*** Opening of Data section ***

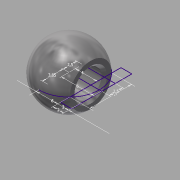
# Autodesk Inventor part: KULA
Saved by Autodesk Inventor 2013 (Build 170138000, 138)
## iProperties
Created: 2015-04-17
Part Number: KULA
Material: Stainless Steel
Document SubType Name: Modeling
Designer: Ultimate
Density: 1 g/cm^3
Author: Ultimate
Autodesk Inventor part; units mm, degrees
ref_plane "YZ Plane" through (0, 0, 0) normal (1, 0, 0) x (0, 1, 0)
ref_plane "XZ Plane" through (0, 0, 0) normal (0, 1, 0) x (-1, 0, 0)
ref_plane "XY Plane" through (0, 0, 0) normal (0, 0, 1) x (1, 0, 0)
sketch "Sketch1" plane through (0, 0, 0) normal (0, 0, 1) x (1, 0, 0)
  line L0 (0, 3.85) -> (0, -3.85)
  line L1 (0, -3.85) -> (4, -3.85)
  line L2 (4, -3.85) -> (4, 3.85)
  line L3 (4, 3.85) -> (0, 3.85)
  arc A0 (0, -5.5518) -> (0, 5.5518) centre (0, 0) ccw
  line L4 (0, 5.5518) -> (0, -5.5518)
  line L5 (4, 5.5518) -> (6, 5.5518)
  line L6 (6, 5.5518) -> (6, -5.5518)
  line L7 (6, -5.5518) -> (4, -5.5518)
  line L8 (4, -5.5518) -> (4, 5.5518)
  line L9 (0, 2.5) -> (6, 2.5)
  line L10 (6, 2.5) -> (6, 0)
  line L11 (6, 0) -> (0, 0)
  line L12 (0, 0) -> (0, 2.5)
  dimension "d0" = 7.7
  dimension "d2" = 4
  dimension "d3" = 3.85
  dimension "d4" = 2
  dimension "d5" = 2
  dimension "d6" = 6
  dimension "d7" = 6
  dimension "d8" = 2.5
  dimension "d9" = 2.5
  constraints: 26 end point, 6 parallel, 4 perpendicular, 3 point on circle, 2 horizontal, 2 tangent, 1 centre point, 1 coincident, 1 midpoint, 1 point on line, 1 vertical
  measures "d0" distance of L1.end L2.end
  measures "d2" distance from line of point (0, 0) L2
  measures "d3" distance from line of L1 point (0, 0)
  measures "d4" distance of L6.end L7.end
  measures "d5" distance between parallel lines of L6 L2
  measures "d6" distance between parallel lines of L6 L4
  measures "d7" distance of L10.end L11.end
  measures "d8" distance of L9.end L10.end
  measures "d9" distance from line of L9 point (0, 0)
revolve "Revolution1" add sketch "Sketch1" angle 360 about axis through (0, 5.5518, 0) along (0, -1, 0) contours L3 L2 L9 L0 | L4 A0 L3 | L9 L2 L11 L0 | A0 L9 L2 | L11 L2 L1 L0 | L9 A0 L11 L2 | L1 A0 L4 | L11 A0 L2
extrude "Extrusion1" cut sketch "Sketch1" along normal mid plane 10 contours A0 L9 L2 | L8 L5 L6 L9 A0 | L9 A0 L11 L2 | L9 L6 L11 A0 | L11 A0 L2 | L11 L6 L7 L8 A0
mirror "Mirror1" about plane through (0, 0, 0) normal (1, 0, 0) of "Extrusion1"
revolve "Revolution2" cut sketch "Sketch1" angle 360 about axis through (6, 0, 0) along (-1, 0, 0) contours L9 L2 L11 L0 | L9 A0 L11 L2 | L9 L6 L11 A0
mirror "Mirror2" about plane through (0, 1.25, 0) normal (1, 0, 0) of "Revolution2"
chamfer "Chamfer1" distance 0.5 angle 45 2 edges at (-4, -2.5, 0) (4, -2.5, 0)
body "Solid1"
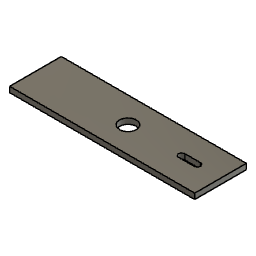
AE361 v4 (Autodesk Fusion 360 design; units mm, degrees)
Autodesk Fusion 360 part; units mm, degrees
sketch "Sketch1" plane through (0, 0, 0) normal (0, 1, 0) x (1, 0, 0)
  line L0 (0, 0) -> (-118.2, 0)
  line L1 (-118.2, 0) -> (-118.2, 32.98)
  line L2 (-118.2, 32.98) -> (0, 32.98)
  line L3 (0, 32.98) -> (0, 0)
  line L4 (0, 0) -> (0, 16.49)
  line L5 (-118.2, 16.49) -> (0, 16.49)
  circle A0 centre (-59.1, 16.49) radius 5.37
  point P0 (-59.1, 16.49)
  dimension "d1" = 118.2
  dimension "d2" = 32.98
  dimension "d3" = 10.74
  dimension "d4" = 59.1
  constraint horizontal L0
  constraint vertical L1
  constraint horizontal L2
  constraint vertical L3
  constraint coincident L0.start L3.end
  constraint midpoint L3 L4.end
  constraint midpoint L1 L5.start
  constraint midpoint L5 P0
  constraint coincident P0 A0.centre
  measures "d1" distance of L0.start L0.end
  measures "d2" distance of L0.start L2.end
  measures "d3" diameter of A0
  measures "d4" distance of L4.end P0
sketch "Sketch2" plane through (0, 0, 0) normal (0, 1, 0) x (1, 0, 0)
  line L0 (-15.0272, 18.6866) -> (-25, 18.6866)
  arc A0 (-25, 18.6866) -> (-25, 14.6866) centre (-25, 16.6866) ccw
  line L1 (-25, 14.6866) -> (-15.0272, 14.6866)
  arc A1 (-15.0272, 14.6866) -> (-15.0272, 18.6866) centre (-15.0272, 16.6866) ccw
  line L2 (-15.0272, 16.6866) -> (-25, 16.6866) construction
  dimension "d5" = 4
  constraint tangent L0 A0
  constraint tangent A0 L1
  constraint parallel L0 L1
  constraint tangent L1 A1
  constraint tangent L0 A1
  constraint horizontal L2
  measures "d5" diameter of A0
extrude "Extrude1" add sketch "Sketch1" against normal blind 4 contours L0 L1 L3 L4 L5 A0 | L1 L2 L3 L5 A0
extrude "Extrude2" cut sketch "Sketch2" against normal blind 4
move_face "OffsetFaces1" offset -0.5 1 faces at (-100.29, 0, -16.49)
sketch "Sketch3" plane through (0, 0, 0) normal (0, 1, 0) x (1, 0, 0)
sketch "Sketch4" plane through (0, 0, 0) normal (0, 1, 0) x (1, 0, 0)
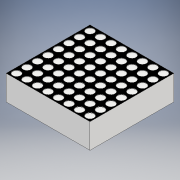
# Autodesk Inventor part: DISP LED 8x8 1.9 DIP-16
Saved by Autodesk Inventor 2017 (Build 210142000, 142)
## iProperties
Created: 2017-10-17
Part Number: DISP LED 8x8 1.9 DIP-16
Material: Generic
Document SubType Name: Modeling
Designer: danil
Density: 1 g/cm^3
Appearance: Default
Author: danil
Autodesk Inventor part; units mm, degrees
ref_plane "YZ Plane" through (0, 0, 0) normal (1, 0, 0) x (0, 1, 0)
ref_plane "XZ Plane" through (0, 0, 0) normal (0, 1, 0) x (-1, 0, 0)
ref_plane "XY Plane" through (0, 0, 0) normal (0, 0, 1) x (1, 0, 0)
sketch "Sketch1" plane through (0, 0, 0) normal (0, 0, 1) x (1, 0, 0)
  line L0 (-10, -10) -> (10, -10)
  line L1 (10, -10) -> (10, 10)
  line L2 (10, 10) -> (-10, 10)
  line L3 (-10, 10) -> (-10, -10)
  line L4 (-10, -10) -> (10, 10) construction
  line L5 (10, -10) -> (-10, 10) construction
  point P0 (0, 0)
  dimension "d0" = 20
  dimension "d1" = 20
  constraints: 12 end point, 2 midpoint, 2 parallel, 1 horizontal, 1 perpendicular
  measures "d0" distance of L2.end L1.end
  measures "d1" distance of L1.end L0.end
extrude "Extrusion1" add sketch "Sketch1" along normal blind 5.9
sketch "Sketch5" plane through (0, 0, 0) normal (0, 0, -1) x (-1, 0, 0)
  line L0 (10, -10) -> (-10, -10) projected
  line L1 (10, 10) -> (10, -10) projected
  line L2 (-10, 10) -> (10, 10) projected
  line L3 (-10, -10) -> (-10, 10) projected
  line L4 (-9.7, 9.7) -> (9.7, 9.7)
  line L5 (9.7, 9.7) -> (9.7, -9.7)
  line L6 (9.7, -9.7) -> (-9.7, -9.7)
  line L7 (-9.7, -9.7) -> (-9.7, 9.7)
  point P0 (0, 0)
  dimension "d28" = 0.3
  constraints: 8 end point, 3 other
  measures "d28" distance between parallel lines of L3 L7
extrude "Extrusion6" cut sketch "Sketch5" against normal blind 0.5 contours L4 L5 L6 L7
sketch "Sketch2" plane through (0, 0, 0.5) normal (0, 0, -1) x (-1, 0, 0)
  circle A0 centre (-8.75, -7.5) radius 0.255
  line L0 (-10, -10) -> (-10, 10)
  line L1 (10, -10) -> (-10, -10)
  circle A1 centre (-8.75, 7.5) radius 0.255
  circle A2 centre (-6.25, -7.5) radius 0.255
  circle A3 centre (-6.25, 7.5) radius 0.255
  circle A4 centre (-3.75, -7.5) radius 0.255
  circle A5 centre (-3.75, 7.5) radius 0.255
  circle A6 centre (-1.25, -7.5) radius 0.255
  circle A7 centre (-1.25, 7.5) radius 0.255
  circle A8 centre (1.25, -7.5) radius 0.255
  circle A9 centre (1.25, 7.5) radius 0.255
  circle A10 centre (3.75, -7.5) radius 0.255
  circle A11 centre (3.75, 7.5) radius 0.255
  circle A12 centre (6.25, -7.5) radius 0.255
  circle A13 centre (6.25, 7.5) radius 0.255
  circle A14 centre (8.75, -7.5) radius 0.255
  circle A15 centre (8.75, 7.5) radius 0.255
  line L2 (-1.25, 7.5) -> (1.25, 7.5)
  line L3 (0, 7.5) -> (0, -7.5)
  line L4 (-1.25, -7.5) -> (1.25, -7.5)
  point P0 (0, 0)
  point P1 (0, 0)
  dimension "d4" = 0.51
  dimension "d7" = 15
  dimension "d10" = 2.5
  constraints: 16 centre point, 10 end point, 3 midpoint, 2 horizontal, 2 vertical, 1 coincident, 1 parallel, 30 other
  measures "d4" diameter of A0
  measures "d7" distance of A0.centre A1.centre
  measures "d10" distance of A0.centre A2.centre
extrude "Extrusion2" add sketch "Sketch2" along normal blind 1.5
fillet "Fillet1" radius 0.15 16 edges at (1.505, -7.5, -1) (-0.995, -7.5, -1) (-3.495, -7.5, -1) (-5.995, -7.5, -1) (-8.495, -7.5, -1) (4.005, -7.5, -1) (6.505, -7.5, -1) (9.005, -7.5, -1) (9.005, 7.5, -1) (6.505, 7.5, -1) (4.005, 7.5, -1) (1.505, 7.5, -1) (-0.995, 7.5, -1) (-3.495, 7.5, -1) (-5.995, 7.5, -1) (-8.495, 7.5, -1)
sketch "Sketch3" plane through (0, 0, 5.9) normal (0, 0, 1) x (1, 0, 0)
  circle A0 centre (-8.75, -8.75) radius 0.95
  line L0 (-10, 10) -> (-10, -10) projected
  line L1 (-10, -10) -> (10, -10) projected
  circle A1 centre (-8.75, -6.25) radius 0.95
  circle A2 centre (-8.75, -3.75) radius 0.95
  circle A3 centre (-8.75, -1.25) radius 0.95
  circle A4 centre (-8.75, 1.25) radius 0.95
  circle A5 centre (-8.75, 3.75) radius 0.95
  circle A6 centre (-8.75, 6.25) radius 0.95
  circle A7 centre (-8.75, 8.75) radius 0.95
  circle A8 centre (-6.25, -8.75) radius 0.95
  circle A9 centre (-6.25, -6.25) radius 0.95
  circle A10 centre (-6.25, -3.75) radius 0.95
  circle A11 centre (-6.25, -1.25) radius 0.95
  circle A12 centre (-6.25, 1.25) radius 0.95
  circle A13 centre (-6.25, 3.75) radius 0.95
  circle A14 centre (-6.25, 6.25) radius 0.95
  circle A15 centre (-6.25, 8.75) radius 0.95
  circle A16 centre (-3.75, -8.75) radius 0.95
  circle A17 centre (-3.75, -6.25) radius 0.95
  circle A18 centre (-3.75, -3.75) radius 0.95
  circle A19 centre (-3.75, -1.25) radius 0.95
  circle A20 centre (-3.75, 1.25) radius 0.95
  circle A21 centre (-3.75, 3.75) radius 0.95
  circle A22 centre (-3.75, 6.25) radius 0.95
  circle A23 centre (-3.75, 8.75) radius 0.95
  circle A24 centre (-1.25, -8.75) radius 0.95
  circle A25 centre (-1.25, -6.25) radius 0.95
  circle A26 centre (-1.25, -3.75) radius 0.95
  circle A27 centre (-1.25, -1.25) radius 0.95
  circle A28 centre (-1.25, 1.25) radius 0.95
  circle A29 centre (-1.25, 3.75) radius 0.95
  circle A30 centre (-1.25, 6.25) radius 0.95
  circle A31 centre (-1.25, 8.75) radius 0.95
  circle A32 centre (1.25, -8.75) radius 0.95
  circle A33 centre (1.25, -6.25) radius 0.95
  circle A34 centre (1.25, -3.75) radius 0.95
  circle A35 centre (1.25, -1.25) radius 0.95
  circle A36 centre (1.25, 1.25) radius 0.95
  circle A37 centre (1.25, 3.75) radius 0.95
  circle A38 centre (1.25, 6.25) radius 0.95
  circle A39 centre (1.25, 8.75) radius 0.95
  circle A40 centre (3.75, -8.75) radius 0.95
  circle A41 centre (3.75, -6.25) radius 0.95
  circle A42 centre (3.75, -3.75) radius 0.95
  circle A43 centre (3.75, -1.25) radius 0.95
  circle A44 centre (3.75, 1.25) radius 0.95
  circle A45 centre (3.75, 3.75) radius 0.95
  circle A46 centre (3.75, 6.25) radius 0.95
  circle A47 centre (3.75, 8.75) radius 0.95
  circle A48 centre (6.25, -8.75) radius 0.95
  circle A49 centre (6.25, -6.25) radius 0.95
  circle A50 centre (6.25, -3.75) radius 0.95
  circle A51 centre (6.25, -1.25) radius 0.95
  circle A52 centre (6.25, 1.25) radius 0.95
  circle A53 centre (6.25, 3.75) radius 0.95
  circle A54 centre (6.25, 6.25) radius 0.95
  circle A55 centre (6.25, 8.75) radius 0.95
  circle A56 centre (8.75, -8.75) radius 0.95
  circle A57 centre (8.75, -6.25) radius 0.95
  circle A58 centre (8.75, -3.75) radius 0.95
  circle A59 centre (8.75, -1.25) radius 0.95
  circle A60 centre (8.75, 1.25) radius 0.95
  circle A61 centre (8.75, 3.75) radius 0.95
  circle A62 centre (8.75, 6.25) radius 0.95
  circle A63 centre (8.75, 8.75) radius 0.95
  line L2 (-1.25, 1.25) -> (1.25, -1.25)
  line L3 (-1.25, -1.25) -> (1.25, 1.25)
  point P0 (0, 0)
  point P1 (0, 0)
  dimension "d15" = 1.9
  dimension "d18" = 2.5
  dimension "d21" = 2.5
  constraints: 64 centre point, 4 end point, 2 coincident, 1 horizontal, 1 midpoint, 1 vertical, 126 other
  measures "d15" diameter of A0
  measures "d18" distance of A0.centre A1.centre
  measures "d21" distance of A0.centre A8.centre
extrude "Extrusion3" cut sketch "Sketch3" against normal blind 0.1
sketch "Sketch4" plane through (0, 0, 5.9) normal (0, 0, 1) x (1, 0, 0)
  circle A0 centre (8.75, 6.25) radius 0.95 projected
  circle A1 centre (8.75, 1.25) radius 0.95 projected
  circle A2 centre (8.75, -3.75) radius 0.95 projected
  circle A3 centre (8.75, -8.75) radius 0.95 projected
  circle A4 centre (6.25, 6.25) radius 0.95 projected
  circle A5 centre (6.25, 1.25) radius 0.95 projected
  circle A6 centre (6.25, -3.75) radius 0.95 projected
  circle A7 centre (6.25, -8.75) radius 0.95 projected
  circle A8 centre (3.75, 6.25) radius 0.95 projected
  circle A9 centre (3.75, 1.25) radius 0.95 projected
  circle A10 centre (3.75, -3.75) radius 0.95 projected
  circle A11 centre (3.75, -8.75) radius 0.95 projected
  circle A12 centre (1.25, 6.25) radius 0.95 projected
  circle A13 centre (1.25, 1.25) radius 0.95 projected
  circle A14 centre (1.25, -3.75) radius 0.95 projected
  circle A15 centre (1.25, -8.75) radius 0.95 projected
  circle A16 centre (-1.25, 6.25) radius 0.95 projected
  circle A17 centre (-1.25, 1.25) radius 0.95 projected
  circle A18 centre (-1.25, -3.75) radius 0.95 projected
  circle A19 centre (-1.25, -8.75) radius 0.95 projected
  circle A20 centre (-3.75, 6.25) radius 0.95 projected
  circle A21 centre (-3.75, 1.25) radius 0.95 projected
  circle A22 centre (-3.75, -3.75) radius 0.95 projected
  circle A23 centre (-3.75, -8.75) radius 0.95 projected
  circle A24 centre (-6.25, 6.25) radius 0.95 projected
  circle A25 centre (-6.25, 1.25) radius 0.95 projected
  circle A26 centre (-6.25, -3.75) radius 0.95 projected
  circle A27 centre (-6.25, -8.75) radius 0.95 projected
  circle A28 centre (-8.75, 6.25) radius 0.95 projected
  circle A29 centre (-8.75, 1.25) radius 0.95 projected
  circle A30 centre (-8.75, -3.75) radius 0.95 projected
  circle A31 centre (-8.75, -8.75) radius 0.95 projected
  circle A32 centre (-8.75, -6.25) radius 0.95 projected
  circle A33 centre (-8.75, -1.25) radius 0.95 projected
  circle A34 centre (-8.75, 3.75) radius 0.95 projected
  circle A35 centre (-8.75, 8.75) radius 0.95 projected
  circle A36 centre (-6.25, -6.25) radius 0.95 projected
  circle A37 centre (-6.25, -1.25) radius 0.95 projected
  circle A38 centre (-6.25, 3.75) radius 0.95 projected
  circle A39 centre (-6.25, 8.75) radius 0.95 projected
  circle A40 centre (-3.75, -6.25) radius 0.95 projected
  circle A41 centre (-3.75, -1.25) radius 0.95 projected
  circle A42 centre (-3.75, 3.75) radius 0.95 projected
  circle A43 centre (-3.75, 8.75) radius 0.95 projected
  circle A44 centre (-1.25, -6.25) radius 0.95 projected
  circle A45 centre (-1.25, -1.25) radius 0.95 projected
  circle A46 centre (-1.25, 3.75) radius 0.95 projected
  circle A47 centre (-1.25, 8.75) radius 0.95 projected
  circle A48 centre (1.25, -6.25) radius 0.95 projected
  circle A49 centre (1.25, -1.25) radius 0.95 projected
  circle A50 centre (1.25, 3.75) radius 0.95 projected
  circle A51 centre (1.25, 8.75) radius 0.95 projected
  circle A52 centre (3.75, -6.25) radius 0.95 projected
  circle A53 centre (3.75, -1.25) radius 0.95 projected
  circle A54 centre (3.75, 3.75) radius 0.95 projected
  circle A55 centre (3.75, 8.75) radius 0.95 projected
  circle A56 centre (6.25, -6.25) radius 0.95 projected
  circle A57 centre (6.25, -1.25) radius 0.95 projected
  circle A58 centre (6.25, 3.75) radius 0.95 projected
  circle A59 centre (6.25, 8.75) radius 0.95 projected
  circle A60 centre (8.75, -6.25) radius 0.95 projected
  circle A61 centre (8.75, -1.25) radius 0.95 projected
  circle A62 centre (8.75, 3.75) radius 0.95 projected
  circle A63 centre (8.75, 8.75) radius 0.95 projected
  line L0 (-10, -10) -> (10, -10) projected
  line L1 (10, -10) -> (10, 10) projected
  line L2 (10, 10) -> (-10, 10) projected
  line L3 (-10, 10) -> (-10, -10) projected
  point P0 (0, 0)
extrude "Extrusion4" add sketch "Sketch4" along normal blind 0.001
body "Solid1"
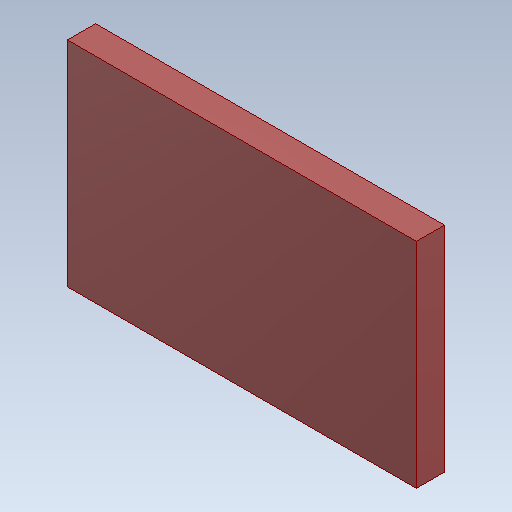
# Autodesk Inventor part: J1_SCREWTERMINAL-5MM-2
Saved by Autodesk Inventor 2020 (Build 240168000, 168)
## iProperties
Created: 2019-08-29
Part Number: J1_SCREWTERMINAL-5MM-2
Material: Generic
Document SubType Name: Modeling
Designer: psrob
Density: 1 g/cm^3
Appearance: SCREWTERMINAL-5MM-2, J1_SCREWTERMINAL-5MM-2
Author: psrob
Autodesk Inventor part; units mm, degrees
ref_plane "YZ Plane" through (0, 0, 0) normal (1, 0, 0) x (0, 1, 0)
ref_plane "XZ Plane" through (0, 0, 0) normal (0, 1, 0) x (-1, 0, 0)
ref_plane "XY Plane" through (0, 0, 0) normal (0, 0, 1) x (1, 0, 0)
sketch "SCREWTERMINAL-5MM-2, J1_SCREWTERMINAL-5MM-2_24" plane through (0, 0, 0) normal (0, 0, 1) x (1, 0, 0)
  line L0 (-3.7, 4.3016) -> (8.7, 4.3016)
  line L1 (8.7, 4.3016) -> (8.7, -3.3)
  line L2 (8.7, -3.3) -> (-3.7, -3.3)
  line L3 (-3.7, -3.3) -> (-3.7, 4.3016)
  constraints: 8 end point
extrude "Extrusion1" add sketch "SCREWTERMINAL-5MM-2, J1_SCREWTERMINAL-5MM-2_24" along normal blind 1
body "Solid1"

*** Close of Data section ***

• [Problem to solve]
Check each line of the entries for "parallel" and copy those that have it.

• [Task result]
  constraints: 26 end point, 6 parallel, 4 perpendicular, 3 point on circle, 2 horizontal, 2 tangent, 1 centre point, 1 coincident, 1 midpoint, 1 point on line, 1 vertical
  measures "d5" distance between parallel lines of L6 L2
  measures "d6" distance between parallel lines of L6 L4
  constraint parallel L0 L1
  constraints: 12 end point, 2 midpoint, 2 parallel, 1 horizontal, 1 perpendicular
  measures "d28" distance between parallel lines of L3 L7
  constraints: 16 centre point, 10 end point, 3 midpoint, 2 horizontal, 2 vertical, 1 coincident, 1 parallel, 30 other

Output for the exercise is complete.